The metadata is what compaction reads from, not what it operates on. See Memory → Compaction-Resident State.

5. Ungated Background Work

Definition: Idle-time or scheduled LLM work that runs without checking machine state (battery, CPU, memory, network). Common in “subconscious” or “auto-improve” features on laptops.

Symptoms:

Background agents that fire on a fixed cron interval regardless of laptop power state.
Multiple local LLM processes spawning concurrently with no concurrency limit.
Saturated memory crashes traced to a “helpful” background task running mid-call.
No documented signals the scheduler reads before firing.

Evidence from the field: Forensic analysis of one full-stack personal-AI project’s scheduler module included an explicit decision log: “saturated memory from concurrent Ollama calls has crashed the user’s laptop twice.” The fix was a scheduler gate that reads battery state, CPU usage, and a model-saturation semaphore before allowing background LLM work to proceed. Policies: Aggressive, Normal, Throttled, Paused. Most agent platforms have no equivalent.

Fix:

Gate background work on real signals: battery state (charging vs discharging, charge %), CPU load, available memory, network status.
Bound local-model concurrency with a semaphore tuned to your RAM ceiling (often slot count = 1).
Make the policy explicit: Aggressive on AC + idle, Normal on AC, Throttled on battery, Paused below a charge threshold.
Treat machine state as a first-class input to scheduling, not an afterthought.

Detecting These in Your Own Work

Read your longest prompt. If it contains words like CRITICAL, MUST, or NEVER followed by what looks like a control-flow instruction or a race-condition workaround, you have Prompted Architecture. The fix is to move that sentence into code and delete it from the prompt — if behavior gets worse, the prompt was carrying weight it should never have carried.

Look at your memory schema. If you have three or more “memory types” whose columns substantially overlap, you have Vector-Default Memory — or its cousin, Typed-But-Identical Memory. A schema that names six things and stores one thing is telling you the taxonomy was invented before the data.

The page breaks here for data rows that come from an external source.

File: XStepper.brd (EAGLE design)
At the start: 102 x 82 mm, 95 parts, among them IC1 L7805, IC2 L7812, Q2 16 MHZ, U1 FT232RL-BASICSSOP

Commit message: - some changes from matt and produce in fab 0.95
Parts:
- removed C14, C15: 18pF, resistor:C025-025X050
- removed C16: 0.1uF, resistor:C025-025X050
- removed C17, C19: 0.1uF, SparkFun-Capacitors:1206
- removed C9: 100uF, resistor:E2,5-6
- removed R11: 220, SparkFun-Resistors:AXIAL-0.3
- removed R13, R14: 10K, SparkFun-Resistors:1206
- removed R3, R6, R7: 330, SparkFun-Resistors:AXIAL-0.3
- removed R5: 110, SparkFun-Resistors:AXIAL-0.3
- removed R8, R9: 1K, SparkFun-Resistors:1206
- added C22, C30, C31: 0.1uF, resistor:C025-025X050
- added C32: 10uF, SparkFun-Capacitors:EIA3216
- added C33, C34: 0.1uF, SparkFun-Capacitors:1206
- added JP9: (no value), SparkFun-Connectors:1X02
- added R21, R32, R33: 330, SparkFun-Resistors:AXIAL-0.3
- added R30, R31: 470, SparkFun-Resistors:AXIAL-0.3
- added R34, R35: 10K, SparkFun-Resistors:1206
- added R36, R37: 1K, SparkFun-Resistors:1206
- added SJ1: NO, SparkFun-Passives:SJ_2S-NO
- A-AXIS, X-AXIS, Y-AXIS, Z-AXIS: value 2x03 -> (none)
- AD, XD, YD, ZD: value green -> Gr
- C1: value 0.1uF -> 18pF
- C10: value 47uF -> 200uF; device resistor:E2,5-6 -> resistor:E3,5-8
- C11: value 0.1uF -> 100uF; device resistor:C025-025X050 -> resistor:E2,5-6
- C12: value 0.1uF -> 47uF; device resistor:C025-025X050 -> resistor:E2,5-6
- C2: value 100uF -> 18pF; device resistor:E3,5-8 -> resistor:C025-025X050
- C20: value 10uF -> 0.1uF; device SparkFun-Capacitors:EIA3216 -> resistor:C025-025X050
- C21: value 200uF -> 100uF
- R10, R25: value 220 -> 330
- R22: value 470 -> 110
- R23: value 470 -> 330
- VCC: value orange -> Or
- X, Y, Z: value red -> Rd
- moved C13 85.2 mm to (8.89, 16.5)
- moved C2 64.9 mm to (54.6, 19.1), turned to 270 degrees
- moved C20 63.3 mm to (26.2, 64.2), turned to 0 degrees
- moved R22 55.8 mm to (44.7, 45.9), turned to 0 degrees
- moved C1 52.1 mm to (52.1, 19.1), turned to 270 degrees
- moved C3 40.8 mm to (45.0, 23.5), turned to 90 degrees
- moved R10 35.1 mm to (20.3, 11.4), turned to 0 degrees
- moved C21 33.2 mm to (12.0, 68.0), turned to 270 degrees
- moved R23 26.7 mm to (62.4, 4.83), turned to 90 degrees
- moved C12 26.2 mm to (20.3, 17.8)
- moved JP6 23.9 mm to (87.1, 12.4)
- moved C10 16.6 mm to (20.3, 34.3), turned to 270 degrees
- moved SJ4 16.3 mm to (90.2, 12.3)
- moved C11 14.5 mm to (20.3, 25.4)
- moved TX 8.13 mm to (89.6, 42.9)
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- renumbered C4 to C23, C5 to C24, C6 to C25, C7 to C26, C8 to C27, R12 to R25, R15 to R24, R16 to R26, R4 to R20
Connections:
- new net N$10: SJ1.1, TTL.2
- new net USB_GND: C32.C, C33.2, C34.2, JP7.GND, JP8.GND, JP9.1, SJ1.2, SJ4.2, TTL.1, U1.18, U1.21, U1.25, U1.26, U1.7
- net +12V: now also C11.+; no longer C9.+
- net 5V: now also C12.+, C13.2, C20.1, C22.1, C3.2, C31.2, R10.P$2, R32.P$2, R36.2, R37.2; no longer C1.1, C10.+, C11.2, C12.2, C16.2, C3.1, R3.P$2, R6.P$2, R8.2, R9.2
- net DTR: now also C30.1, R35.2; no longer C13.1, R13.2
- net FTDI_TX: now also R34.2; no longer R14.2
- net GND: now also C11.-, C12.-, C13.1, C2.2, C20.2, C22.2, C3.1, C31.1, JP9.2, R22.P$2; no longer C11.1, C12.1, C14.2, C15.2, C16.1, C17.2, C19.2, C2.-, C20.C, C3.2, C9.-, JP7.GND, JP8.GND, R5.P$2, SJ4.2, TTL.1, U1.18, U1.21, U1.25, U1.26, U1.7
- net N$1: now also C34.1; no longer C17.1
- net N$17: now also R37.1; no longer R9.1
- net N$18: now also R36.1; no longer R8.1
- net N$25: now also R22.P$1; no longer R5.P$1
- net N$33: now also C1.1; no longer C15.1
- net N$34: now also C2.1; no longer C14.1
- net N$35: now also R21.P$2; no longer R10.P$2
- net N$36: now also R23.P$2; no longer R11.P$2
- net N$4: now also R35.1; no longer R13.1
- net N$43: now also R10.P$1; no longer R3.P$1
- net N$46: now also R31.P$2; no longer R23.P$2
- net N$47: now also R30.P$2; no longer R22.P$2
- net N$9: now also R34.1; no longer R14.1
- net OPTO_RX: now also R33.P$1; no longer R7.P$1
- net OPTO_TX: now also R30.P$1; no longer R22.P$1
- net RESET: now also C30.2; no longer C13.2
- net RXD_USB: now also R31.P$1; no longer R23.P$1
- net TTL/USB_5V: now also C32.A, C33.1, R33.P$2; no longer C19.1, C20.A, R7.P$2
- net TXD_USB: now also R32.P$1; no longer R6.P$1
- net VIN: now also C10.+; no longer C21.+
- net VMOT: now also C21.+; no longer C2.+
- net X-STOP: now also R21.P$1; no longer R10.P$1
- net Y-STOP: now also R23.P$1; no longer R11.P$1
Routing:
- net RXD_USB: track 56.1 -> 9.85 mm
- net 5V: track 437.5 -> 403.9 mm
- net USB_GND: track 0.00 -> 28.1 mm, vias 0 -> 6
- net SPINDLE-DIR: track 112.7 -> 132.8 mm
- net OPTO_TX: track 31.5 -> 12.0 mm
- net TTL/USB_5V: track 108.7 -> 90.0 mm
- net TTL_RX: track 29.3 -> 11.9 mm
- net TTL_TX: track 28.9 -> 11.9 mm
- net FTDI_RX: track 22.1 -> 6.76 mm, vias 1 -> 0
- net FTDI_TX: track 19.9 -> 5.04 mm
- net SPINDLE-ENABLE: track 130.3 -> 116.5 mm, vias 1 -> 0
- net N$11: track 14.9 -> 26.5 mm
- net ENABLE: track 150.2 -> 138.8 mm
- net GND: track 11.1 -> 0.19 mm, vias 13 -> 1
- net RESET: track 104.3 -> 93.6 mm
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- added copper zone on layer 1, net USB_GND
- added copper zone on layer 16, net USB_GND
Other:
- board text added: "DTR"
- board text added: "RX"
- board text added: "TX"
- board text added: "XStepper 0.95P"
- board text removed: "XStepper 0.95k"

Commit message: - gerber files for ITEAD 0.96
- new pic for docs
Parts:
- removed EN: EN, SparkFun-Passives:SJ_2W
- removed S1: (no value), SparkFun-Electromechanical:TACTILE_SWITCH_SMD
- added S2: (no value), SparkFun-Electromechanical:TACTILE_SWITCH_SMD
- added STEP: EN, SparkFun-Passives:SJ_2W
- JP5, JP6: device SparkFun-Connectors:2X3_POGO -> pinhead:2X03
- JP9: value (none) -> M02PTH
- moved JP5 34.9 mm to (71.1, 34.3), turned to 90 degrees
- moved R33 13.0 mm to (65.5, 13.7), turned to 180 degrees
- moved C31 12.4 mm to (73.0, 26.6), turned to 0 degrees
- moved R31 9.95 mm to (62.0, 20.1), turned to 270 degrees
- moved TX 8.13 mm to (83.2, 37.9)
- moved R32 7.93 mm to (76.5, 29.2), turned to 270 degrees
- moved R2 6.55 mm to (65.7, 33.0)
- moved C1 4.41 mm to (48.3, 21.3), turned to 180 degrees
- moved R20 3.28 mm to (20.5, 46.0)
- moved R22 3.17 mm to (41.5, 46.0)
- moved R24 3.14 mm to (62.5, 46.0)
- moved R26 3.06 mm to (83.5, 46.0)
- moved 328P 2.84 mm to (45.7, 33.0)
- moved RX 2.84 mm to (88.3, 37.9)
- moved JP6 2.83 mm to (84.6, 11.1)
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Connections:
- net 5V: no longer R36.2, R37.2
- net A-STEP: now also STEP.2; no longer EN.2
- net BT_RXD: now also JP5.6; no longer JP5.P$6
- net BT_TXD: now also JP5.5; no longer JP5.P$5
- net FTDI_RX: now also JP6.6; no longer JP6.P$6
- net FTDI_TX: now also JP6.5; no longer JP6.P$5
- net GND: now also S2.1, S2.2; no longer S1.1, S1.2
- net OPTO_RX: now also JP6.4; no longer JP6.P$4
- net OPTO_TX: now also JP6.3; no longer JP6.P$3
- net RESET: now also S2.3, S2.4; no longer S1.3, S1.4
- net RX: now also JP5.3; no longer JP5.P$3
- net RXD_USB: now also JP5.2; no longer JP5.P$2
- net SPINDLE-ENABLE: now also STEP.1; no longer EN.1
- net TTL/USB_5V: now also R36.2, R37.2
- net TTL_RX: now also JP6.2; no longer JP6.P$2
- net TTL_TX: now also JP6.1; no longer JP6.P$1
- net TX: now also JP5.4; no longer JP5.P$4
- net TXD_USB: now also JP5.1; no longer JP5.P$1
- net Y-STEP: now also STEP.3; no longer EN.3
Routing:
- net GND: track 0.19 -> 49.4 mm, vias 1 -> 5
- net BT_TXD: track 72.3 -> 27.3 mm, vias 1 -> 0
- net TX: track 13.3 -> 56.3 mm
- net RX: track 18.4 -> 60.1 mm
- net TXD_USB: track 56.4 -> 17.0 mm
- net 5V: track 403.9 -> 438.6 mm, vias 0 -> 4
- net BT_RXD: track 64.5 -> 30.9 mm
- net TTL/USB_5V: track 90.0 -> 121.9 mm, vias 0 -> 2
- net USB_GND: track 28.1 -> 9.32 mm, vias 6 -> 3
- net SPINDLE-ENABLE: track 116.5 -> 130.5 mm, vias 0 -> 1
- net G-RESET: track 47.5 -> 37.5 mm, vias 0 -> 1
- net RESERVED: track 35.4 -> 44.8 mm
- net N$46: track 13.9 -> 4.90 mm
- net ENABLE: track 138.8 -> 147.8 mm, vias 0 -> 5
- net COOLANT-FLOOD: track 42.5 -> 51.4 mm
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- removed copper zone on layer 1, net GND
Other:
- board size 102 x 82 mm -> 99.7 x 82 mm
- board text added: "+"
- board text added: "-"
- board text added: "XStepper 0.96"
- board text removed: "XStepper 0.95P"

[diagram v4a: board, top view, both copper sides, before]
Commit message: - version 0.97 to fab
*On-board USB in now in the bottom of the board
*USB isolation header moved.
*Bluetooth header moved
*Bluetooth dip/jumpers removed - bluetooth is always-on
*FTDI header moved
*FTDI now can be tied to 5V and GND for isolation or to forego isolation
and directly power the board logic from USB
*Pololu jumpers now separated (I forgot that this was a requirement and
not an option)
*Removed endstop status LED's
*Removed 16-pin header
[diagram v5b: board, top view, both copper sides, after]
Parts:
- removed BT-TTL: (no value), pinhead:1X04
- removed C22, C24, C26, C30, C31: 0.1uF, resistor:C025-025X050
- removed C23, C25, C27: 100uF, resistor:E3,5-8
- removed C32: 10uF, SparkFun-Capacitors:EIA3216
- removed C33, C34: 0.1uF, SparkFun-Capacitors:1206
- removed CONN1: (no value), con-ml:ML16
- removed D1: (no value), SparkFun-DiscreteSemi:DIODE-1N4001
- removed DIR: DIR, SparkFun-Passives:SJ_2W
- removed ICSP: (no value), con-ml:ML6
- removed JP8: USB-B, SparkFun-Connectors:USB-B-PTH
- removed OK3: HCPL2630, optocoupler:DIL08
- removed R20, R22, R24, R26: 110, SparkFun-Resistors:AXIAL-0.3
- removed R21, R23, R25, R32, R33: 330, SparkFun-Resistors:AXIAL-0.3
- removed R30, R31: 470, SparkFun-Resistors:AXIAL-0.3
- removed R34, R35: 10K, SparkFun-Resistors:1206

Run your local dev environment. If it takes more than 60 seconds and requires more than two processes, you may have Premature Distribution. Then look at how many of those processes have more than one producer or one consumer in practice — that’s the real distribution-worthiness check. A broker with one writer and one reader is a queue with a network hop.

Search your codebase for session.metadata or its equivalent. If you have none and your agent has long-running goals or identity, you have Compaction-Vulnerable State. A goal that lives only in a user message will be compacted away — measure it: after 50 turns of natural conversation, ask the agent what its current goal is.

Look at your background-task scheduler. If it fires on wall-clock alone with no input from battery, CPU, or memory state, you have Ungated Background Work. The fix is rarely complex — it’s usually 30 lines of signal-reading code in front of the existing job loop.